Bonnie test results:
Multi User
Writing with putc()...done
Writing intelligently...done
Rewriting...done
Reading with getc()...done
Reading intelligently...done
start 'em...done...done...done...
Create files in sequential order...done.
Stat files in sequential order...done.
Delete files in sequential order...done.
Create files in random order...done.
Stat files in random order...done.
Delete files in random order...done.
Version 1.03 ------Sequential Output------ --Sequential Input- --Random-
                    -Per Chr- --Block-- -Rewrite- -Per Chr- --Block-- --Seeks--
Machine Size K/sec %CP K/sec %CP K/sec %CP K/sec %CP K/sec %CP /sec %CP
leedesktop.plu 480M 14216 62 14031 8 8400 3 15009 57 33911 7 117.4 0
                    ------Sequential Create------ --------Random Create--------
                    -Create-- --Read--- -Delete-- -Create-- --Read--- -Delete--
              files /sec %CP /sec %CP /sec %CP /sec %CP /sec %CP /sec %CP
                 16 1581 98 +++++ +++ +++++ +++ 1604 97 +++++ +++ 3767 98
leedesktop.plus.net,480M,14216,62,14031,8,8400,3,15009,57,33911,7,117.4,0,16,1581,98,+++++,+++,+++++,+++,1604,97,+++++,+++,3767,98

Single User
Using uid:1000, gid:1000.
Writing with putc()...done
Writing intelligently...done
Rewriting...done
Reading with getc()...done
Reading intelligently...done
start 'em...done...done...done...
Create files in sequential order...done.
Stat files in sequential order...done.
Delete files in sequential order...done.
Create files in random order...done.
Stat files in random order...done.
Delete files in random order...done.
Version 1.03 ------Sequential Output------ --Sequential Input- --Random-
                    -Per Chr- --Block-- -Rewrite- -Per Chr- --Block-- --Seeks--
Machine Size K/sec %CP K/sec %CP K/sec %CP K/sec %CP K/sec %CP /sec %CP
leedesktop.plu 480M 22502 94 32769 16 15203 7 19808 72 35799 6 182.2 0
                    ------Sequential Create------ --------Random Create--------
                    -Create-- --Read--- -Delete-- -Create-- --Read--- -Delete--
              files /sec %CP /sec %CP /sec %CP /sec %CP /sec %CP /sec %CP
                 16 1860 99 +++++ +++ +++++ +++ 1930 98 +++++ +++ 4599 97
leedesktop.plus.net,480M,22502,94,32769,16,15203,7,19808,72,35799,6,182.2,0,16,1860,99,+++++,+++,+++++,+++,1930,98,+++++,+++,4599,97

Full thread on ubuntu-devel:

http://lists.ubuntu.com/archives/ubuntu-devel/2005-September/010552.html

Revision history for this message
Alvin Thompson (alvint-deactivatedaccount) wrote :

to be clear, the slowness has nothing to do with upgrading; it's just that
people who used to run hoary know how fast it ran so find the difference more
noticeable.

i don't have enough hardware to be definitive, but according to the thread it
appears to affect ATA (but not SATA) drives. if i had to make a completely
unsientific wild guess, judging from the sound of the disk drive shuffling i'd
guess that the caches may not be being utilized properly.
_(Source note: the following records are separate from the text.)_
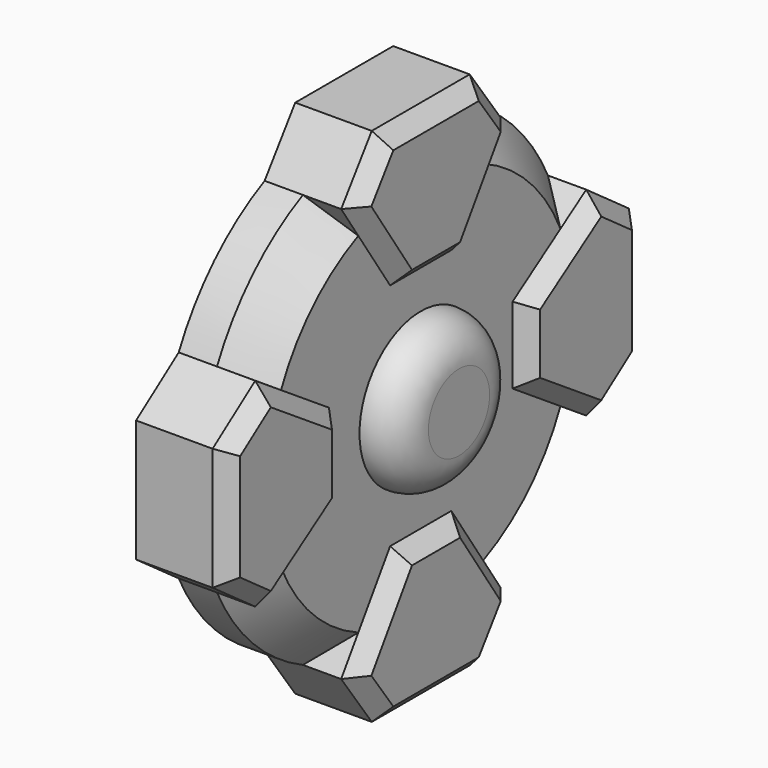
from build123d import *

# Parameters (mm, degrees)
F1_DEPTH = 10
F2_DEPTH = 12
F3_SIZE  = 5
F4_SIZE  = 1.99999
F5_R     = 10
F6_DEPTH = 5
F7_R     = 4.99999
F9_DEPTH = 3


# Not quite as in the source:
# - a fillet or chamfer is up to 0.001 mm smaller than in the source, because OpenCascade refuses the exact size


with BuildPart() as f1:
    # F0 (on Right) → F1 (new body)
    with BuildSketch(Plane.YZ):
        with BuildLine():
            Line((15, 5), (27.0370116692, 13))
            ThreePointArc((27.0370116692, 13), (21.2132034356, 21.2132034356), (13, 27.0370116692))
            Line((13, 27.0370116692), (5, 15))
            Line((5, 15), (0, 15))
            Line((0, 15), (-5, 15))
            Line((-5, 15), (-13, 27.0370116692))
            ThreePointArc((-13, 27.0370116692), (-21.2132034356, 21.2132034356), (-27.0370116692, 13))
            Line((-27.0370116692, 13), (-15, 5))
            Line((-15, 5), (-15, 0))
            Line((-15, 0), (-15, -5))
            Line((-15, -5), (-27.0370116692, -13))
            ThreePointArc((-27.0370116692, -13), (-21.2132034356, -21.2132034356), (-13, -27.0370116692))
            Line((-13, -27.0370116692), (-5, -15))
            Line((-5, -15), (0, -15))
            Line((0, -15), (5, -15))
            Line((5, -15), (13, -27.0370116692))
            ThreePointArc((13, -27.0370116692), (21.2132034356, -21.2132034356), (27.0370116692, -13))
            Line((27.0370116692, -13), (15, -5))
            Line((15, -5), (15, 0))
            Line((15, 0), (15, 5))
        make_face()
    extrude(amount=F1_DEPTH)

    # F0 (on Right) → F2 (join)
    with BuildSketch(Plane.YZ):
        with BuildLine():
            ThreePointArc((27.0370116692, -13), (29.2498747867, -6.6666952054), (30, 0))
            ThreePointArc((30, 0), (29.2498747867, 6.6666952054), (27.0370116692, 13))
            Line((27.0370116692, 13), (15, 5))
            Line((15, 5), (15, 0))
            Line((15, 0), (15, -5))
            Line((15, -5), (27.0370116692, -13))
        make_face()
        with BuildLine():
            ThreePointArc((27.0370116692, 13), (29.2498747867, 6.6666952054), (30, 0))
            ThreePointArc((30, 0), (29.2498747867, -6.6666952054), (27.0370116692, -13))
            Line((27.0370116692, -13), (34, -8))
            Line((34, -8), (34, 0))
            Line((34, 0), (34, 8))
            Line((34, 8), (27.0370116692, 13))
        make_face()
        with BuildLine():
            Line((5, 15), (13, 27.0370116692))
            ThreePointArc((13, 27.0370116692), (0, 30), (-13, 27.0370116692))
            Line((-13, 27.0370116692), (-5, 15))
            Line((-5, 15), (0, 15))
            Line((0, 15), (5, 15))
        make_face()
        with BuildLine():
            ThreePointArc((-13, 27.0370116692), (0, 30), (13, 27.0370116692))
            Line((13, 27.0370116692), (8, 34))
            Line((8, 34), (0, 34))
            Line((0, 34), (-8, 34))
            Line((-8, 34), (-13, 27.0370116692))
        make_face()
        with BuildLine():
            Line((-15, 5), (-27.0370116692, 13))
            ThreePointArc((-27.0370116692, 13), (-30, 0), (-27.0370116692, -13))
            Line((-27.0370116692, -13), (-15, -5))
            Line((-15, -5), (-15, 0))
            Line((-15, 0), (-15, 5))
        make_face()
        with BuildLine():
            ThreePointArc((-27.0370116692, -13), (-30, 0), (-27.0370116692, 13))
            Line((-27.0370116692, 13), (-34, 8))
            Line((-34, 8), (-34, 0))
            Line((-34, 0), (-34, -8))
            Line((-34, -8), (-27.0370116692, -13))
        make_face()
        with BuildLine():
            ThreePointArc((-13, -27.0370116692), (0, -30), (13, -27.0370116692))
            Line((13, -27.0370116692), (5, -15))
            Line((5, -15), (0, -15))
            Line((0, -15), (-5, -15))
            Line((-5, -15), (-13, -27.0370116692))
        make_face()
        with BuildLine():
            Line((8, -34), (13, -27.0370116692))
            ThreePointArc((13, -27.0370116692), (0, -30), (-13, -27.0370116692))
            Line((-13, -27.0370116692), (-8, -34))
            Line((-8, -34), (0, -34))
            Line((0, -34), (8, -34))
        make_face()
    extrude(amount=F2_DEPTH)

    # F3
    f3_edges = [f1.edges().sort_by_distance(p)[0] for p in [
        (10, 21.213203, 21.213203),
        (10, -21.213203, 21.213203),
        (10, -21.213203, -21.213203),
        (10, 21.213203, -21.213203),
    ]]
    chamfer(f3_edges, length=F3_SIZE)

    # F4 (size 2 in the source; OpenCascade refuses exactly that, so slightly less here)
    f4_edges = [f1.edges().sort_by_distance(p)[0] for p in [
        (12, 0, 34),
        (12, -10.5, 30.518506),
        (12, 10.5, 30.518506),
        (12, -9, 21.018506),
        (12, 9, 21.018506),
        (12, 0, 15),
        (12, -15, 0),
        (12, -21.018506, 9),
        (12, -30.518506, 10.5),
        (12, -34, 0),
        (12, -30.518506, -10.5),
        (12, -21.018506, -9),
        (12, 0, -15),
        (12, -9, -21.018506),
        (12, -10.5, -30.518506),
        (12, 0, -34),
        (12, 10.5, -30.518506),
        (12, 9, -21.018506),
        (12, 15, 0),
        (12, 21.018506, 9),
        (12, 30.518506, 10.5),
        (12, 34, 0),
        (12, 21.018506, -9),
        (12, 30.518506, -10.5),
    ]]
    chamfer(f4_edges, length=F4_SIZE)

    # F5 (on face) → F6 (join)
    with BuildSketch(Plane.YZ.offset(10)):
        Circle(F5_R)
    extrude(amount=F6_DEPTH)

    # F7 (radius 5 in the source; OpenCascade refuses exactly that, so slightly less here)
    f7_edges = [f1.edges().sort_by_distance(p)[0] for p in [
        (15, -10, 0),
    ]]
    fillet(f7_edges, radius=F7_R)

    # F8 (on face) → F9 (cut)
    with BuildSketch(Plane.YZ):
        with BuildLine():
            ThreePointArc((0, -15), (10.6066017178, -10.6066017178), (15, 0))
            ThreePointArc((15, 0), (10.6066017178, 10.6066017178), (0, 15))
            ThreePointArc((0, 15), (-10.6066017178, 10.6066017178), (-15, 0))
            ThreePointArc((-15, 0), (-10.6066017178, -10.6066017178), (0, -15))
        make_face()
    extrude(amount=F9_DEPTH, mode=Mode.SUBTRACT)


solid = f1.part

Revision history for this message
Matt Zimmerman (mdz) wrote :

In your multi-user mode test, were you logged into a GNOME session?

Starting from single-user mode, try starting each service from /etc/rc2.d and
see when the problem begins

Revision history for this message
Matt Zimmerman (mdz) wrote :

*** Bug 22022 has been marked as a duplicate of this bug. ***

Revision history for this message
Matt Zimmerman (mdz) wrote :

Has anyone tried to debug this further?

Revision history for this message
Lee Willis (lwillis) wrote :

I've attempted to identify culprits but have had no joy so far. If you can
assist with what I should be looking for in the bonnie output that would help
[Is it as simple as comparing the per second throughput counts?]

I'll also be trying to incrementally start services to identify where the
problem starts as soon as I'm back at a machine that exhibits this problem (My
laptop doesn't show this problem :( )

Have you any other ideas of how I can identify the problem?

Revision history for this message
Matt Zimmerman (mdz) wrote :

(In reply to comment #5)
> I'll also be trying to incrementally start services to identify where the
> problem starts as soon as I'm back at a machine that exhibits this problem (My
> laptop doesn't show this problem :( )

Please do; that would help.

> Have you any other ideas of how I can identify the problem?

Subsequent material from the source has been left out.